> [TASK STATEMENT]
Look through the records below for the line holding "unnamed: A1.4 (SDA), U2.23 (IO7)". Write it out exactly, with each following line through the line holding "unnamed: A2.1 (SDA), U3.5 (IO3)".

Entries taken from a collection:
● ● ● ● ●

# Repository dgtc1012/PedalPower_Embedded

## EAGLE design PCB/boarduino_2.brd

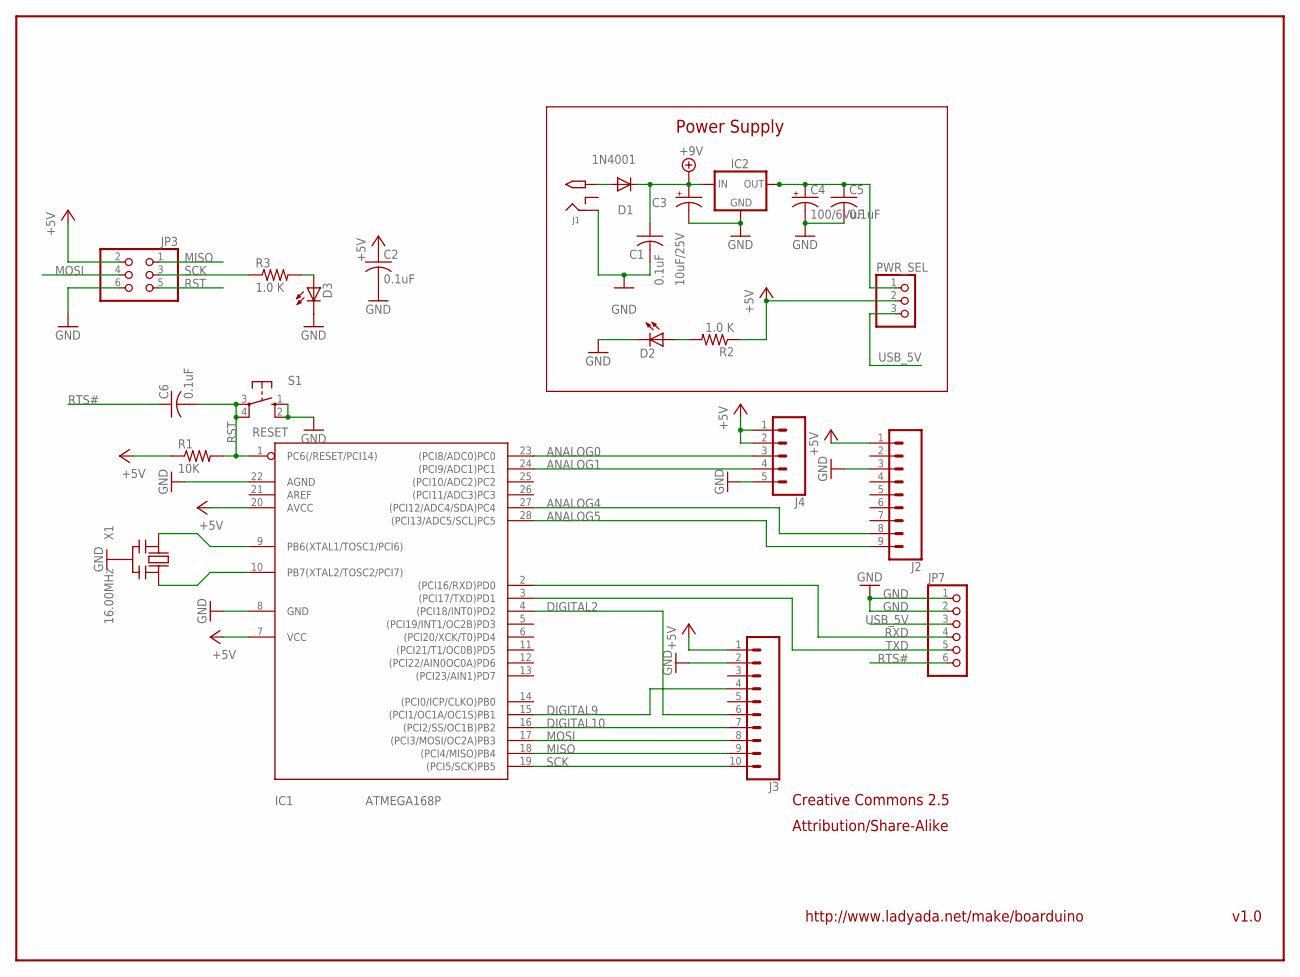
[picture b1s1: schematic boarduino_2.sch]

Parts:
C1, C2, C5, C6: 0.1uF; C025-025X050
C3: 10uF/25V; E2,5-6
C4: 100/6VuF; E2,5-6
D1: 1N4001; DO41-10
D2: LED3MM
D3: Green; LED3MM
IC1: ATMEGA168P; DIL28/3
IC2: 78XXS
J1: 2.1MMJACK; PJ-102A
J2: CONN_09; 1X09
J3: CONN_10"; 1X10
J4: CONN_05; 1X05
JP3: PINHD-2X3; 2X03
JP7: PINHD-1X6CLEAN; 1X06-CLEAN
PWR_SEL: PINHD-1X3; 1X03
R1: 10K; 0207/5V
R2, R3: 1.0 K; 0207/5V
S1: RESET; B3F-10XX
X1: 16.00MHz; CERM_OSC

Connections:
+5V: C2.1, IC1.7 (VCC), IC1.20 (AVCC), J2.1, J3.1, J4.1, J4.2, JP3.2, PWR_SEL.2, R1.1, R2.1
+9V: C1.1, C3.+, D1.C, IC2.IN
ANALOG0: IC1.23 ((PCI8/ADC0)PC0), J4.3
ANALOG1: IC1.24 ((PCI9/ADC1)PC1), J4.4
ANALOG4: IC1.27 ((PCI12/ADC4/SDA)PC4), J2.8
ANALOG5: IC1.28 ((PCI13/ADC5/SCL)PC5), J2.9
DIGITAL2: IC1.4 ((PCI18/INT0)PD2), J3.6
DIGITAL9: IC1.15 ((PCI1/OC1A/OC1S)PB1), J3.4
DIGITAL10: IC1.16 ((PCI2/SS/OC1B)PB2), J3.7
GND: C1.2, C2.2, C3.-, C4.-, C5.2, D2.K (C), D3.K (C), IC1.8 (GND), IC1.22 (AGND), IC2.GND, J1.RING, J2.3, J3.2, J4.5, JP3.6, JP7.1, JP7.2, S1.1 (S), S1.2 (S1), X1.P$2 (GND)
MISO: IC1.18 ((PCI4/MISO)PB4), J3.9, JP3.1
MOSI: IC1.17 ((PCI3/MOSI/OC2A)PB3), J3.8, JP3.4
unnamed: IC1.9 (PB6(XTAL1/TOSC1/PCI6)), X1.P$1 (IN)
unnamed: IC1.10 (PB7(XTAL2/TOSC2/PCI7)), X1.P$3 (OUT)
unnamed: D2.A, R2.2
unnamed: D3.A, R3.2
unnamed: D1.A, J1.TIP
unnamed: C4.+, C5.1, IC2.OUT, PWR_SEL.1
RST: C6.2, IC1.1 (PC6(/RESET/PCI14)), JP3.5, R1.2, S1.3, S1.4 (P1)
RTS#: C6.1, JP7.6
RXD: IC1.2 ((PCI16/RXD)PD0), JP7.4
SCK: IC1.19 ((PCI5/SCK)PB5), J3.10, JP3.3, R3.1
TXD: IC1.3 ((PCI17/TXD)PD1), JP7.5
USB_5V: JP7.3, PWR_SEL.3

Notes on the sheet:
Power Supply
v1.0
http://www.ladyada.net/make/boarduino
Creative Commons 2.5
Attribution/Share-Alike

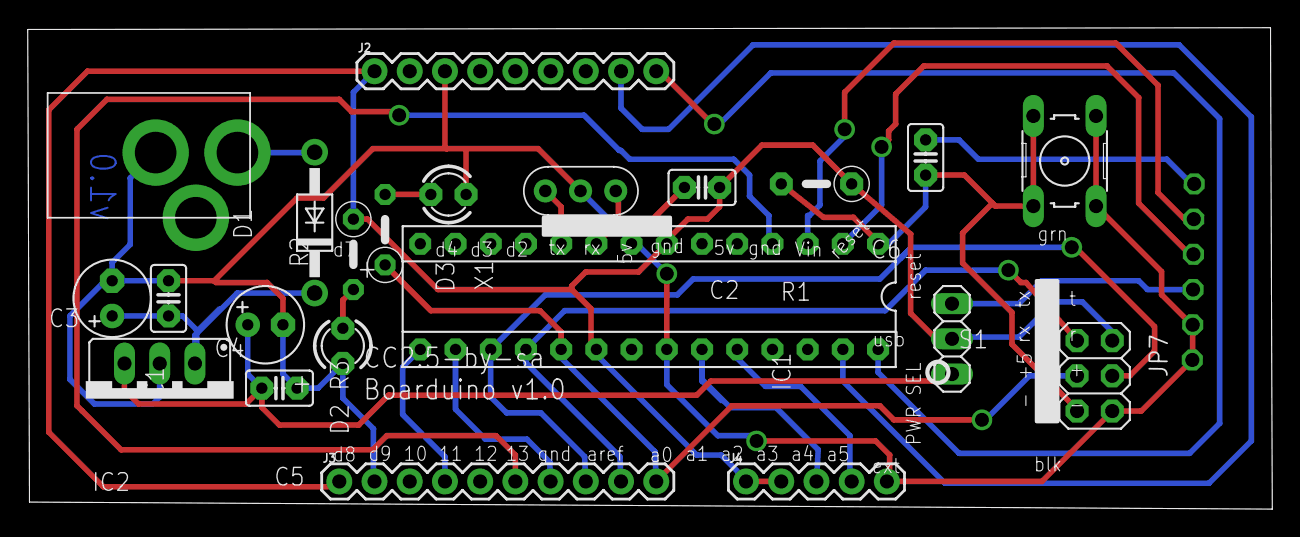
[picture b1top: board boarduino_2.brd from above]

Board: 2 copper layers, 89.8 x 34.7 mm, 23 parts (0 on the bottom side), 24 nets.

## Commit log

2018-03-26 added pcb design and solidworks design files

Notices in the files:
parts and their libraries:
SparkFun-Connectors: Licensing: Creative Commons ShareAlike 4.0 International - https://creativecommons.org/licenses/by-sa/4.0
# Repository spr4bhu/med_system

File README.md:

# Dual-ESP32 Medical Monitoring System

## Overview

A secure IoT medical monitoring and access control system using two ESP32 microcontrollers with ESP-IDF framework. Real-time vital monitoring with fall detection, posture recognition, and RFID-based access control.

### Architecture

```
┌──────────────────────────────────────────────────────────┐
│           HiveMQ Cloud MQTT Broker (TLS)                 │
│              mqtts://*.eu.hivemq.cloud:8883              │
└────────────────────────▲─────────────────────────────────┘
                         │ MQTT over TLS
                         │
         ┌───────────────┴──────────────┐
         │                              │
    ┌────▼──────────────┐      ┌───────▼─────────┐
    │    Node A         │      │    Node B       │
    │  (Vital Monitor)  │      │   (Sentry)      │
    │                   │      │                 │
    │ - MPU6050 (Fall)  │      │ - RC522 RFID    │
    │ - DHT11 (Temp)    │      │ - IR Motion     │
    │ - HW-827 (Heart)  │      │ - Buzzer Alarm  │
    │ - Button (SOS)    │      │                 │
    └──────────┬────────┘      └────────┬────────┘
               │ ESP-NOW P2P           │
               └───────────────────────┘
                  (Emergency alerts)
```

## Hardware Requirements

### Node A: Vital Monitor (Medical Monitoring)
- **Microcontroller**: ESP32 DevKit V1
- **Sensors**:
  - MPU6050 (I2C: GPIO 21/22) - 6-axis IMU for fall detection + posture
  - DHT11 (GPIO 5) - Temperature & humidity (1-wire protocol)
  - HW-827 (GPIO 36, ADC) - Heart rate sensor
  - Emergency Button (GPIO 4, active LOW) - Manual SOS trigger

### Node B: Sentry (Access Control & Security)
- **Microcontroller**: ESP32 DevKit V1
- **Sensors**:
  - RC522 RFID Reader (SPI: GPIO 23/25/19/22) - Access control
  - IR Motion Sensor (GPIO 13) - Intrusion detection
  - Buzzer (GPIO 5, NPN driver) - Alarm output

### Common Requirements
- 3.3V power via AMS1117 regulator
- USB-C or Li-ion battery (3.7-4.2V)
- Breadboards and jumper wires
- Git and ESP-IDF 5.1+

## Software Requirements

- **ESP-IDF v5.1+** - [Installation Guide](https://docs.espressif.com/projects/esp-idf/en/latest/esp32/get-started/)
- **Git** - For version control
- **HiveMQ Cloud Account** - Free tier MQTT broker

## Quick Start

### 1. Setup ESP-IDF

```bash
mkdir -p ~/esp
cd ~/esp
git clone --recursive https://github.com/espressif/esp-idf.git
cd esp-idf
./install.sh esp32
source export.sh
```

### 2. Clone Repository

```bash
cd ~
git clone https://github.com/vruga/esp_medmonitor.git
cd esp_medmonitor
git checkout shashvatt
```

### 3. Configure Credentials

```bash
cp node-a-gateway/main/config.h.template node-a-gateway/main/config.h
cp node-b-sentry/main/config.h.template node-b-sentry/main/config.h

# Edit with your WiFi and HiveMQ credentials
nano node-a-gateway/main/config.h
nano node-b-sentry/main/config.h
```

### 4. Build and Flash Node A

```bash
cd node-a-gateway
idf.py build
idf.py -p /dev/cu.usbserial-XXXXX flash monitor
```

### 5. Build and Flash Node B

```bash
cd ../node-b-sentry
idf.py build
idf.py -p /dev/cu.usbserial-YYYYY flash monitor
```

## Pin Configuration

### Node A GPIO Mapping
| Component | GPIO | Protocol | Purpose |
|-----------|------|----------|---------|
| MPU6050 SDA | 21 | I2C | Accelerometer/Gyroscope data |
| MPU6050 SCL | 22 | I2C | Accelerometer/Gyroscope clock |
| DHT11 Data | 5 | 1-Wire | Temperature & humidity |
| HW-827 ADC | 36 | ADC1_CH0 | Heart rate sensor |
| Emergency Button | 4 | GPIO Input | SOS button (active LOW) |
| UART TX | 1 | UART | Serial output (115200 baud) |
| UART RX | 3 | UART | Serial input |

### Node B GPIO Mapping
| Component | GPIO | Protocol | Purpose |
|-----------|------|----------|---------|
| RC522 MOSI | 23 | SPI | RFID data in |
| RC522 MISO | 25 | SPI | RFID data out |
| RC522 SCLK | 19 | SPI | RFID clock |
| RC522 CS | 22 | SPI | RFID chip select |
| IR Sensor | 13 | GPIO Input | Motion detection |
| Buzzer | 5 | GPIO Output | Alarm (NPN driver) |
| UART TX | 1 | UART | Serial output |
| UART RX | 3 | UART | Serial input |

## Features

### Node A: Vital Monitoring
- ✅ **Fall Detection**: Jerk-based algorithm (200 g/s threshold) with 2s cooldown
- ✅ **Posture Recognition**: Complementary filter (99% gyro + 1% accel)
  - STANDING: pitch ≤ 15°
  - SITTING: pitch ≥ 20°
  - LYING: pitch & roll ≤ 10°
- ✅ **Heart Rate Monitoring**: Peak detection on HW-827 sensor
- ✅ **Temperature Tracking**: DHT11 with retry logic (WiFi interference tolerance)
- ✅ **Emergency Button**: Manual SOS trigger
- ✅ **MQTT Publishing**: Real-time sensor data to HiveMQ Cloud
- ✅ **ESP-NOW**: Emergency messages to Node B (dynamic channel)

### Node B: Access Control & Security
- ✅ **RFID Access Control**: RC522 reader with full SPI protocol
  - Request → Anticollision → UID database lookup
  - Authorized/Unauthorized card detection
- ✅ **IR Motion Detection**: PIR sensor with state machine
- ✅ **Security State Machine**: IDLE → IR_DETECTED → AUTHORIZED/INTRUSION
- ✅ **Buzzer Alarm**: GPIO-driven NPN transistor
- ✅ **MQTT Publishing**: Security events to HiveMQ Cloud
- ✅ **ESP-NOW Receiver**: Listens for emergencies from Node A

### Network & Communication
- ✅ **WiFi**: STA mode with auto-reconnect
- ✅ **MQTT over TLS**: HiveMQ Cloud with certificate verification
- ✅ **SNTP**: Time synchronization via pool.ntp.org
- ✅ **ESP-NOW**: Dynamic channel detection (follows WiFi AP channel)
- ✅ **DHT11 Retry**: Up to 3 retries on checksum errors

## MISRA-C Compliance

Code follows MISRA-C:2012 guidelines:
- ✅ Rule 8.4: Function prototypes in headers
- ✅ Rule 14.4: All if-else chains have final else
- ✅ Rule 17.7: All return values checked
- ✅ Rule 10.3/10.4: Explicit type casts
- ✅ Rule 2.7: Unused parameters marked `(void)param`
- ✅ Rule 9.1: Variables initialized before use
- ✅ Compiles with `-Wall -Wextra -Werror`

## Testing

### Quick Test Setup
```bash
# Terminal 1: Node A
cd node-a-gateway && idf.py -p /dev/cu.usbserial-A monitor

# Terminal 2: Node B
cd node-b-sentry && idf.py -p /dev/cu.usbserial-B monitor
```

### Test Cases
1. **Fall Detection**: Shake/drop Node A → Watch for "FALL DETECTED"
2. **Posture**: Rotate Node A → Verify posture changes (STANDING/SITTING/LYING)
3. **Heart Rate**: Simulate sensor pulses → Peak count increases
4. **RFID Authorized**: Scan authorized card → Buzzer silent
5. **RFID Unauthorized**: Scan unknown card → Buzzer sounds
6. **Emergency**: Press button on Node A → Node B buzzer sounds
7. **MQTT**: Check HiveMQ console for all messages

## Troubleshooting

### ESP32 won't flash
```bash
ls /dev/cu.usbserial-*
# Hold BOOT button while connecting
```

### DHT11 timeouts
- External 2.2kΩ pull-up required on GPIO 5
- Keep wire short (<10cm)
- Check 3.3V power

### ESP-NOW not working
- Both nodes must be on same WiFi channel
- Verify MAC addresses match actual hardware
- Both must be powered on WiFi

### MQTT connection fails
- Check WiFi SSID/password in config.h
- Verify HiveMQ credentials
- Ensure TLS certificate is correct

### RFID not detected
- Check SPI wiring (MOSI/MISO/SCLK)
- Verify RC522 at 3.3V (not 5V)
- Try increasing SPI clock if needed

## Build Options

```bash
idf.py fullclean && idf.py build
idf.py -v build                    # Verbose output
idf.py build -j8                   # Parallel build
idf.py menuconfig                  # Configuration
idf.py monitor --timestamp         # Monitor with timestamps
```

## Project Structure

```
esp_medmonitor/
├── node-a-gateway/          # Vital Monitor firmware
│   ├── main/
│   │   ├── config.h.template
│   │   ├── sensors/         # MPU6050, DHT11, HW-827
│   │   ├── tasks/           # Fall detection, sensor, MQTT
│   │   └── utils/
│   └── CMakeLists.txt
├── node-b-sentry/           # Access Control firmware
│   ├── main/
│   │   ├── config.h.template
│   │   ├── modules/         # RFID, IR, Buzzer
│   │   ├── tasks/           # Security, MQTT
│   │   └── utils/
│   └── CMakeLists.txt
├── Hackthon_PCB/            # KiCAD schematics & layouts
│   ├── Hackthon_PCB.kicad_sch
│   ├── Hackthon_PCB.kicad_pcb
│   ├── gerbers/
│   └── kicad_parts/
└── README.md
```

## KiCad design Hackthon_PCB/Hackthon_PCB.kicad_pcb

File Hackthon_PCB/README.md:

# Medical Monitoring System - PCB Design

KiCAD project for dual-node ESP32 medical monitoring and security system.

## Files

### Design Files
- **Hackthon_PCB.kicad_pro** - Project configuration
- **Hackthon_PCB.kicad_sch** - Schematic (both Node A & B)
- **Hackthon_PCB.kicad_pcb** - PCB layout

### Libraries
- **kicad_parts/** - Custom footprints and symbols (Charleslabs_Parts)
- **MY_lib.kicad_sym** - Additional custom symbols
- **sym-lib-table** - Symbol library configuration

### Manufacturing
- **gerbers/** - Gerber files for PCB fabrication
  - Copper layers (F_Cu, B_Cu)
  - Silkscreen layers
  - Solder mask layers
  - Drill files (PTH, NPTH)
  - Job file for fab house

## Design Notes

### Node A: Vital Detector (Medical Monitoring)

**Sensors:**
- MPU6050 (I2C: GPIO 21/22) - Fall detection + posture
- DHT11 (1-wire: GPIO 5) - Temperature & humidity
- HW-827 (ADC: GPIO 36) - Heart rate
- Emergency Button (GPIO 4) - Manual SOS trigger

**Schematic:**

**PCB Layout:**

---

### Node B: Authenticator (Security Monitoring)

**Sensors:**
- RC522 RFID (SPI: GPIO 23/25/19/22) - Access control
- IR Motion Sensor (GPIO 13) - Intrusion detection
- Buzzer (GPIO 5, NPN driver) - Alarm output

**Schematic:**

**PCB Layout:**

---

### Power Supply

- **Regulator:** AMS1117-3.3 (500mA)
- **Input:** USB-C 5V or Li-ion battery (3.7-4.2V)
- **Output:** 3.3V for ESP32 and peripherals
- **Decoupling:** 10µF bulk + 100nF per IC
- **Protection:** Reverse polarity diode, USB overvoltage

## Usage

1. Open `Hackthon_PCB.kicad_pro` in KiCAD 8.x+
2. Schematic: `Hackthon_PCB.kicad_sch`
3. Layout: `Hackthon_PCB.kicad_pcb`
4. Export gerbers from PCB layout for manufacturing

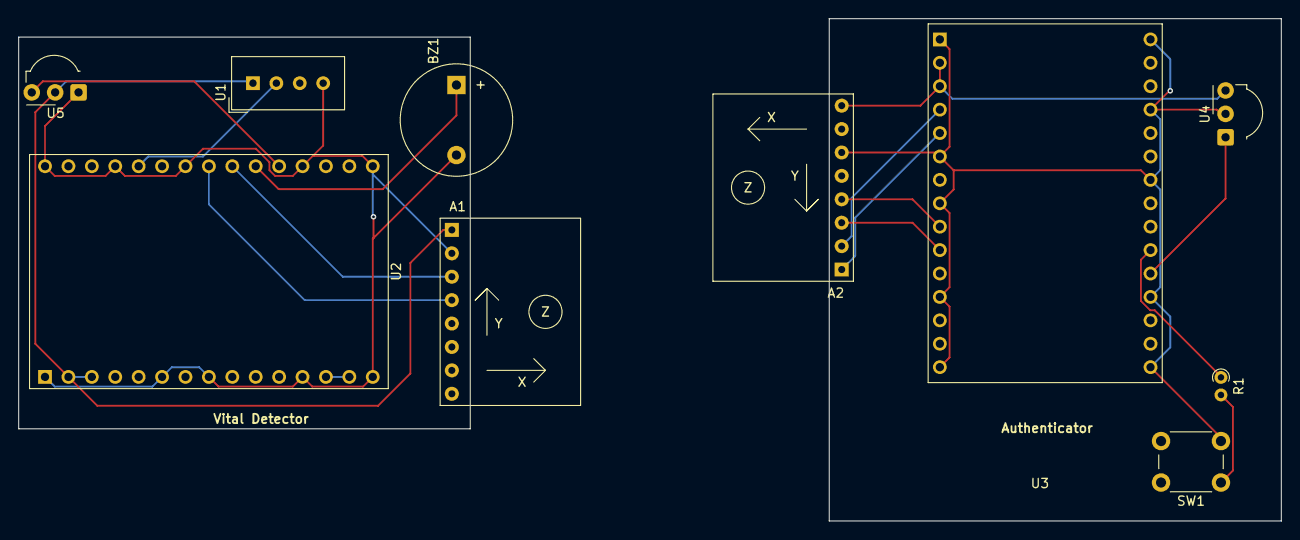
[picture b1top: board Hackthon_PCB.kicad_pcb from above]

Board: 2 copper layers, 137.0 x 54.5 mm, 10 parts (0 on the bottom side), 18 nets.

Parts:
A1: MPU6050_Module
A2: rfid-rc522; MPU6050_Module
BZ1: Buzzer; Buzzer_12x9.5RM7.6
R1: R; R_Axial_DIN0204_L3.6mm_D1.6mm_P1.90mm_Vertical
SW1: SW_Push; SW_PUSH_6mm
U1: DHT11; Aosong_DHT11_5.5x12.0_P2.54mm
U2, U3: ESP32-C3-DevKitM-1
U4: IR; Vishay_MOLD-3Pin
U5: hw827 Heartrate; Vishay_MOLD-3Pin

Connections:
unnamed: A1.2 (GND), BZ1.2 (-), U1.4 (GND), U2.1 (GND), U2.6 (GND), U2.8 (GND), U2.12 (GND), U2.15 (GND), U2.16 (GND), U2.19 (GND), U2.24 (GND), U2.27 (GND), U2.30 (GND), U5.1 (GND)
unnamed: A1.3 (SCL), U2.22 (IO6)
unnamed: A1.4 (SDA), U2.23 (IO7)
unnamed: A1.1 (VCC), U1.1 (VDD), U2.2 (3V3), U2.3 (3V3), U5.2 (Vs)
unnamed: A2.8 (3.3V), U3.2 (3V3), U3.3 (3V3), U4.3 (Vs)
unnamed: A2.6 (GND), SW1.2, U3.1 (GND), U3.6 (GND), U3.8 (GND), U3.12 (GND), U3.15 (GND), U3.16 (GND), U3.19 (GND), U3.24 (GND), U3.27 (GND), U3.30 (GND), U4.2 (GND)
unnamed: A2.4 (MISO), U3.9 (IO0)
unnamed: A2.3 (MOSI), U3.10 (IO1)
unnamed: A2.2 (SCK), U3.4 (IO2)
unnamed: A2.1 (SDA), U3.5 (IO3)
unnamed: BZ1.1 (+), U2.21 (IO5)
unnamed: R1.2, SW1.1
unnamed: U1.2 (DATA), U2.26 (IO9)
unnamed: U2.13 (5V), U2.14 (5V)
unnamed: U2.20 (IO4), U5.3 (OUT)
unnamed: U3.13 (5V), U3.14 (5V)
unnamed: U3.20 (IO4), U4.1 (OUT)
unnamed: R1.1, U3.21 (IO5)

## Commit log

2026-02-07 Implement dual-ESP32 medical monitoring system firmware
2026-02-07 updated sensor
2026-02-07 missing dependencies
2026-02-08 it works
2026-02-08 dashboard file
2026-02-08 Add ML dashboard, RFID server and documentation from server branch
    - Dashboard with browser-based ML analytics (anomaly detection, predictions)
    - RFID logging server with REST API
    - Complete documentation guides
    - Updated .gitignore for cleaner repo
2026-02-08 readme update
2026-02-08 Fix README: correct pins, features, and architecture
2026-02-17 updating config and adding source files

● ● ● ● ●

> [EXPECTED ANSWER]
unnamed: A1.4 (SDA), U2.23 (IO7)
unnamed: A1.1 (VCC), U1.1 (VDD), U2.2 (3V3), U2.3 (3V3), U5.2 (Vs)
unnamed: A2.8 (3.3V), U3.2 (3V3), U3.3 (3V3), U4.3 (Vs)
unnamed: A2.6 (GND), SW1.2, U3.1 (GND), U3.6 (GND), U3.8 (GND), U3.12 (GND), U3.15 (GND), U3.16 (GND), U3.19 (GND), U3.24 (GND), U3.27 (GND), U3.30 (GND), U4.2 (GND)
unnamed: A2.4 (MISO), U3.9 (IO0)
unnamed: A2.3 (MOSI), U3.10 (IO1)
unnamed: A2.2 (SCK), U3.4 (IO2)
unnamed: A2.1 (SDA), U3.5 (IO3)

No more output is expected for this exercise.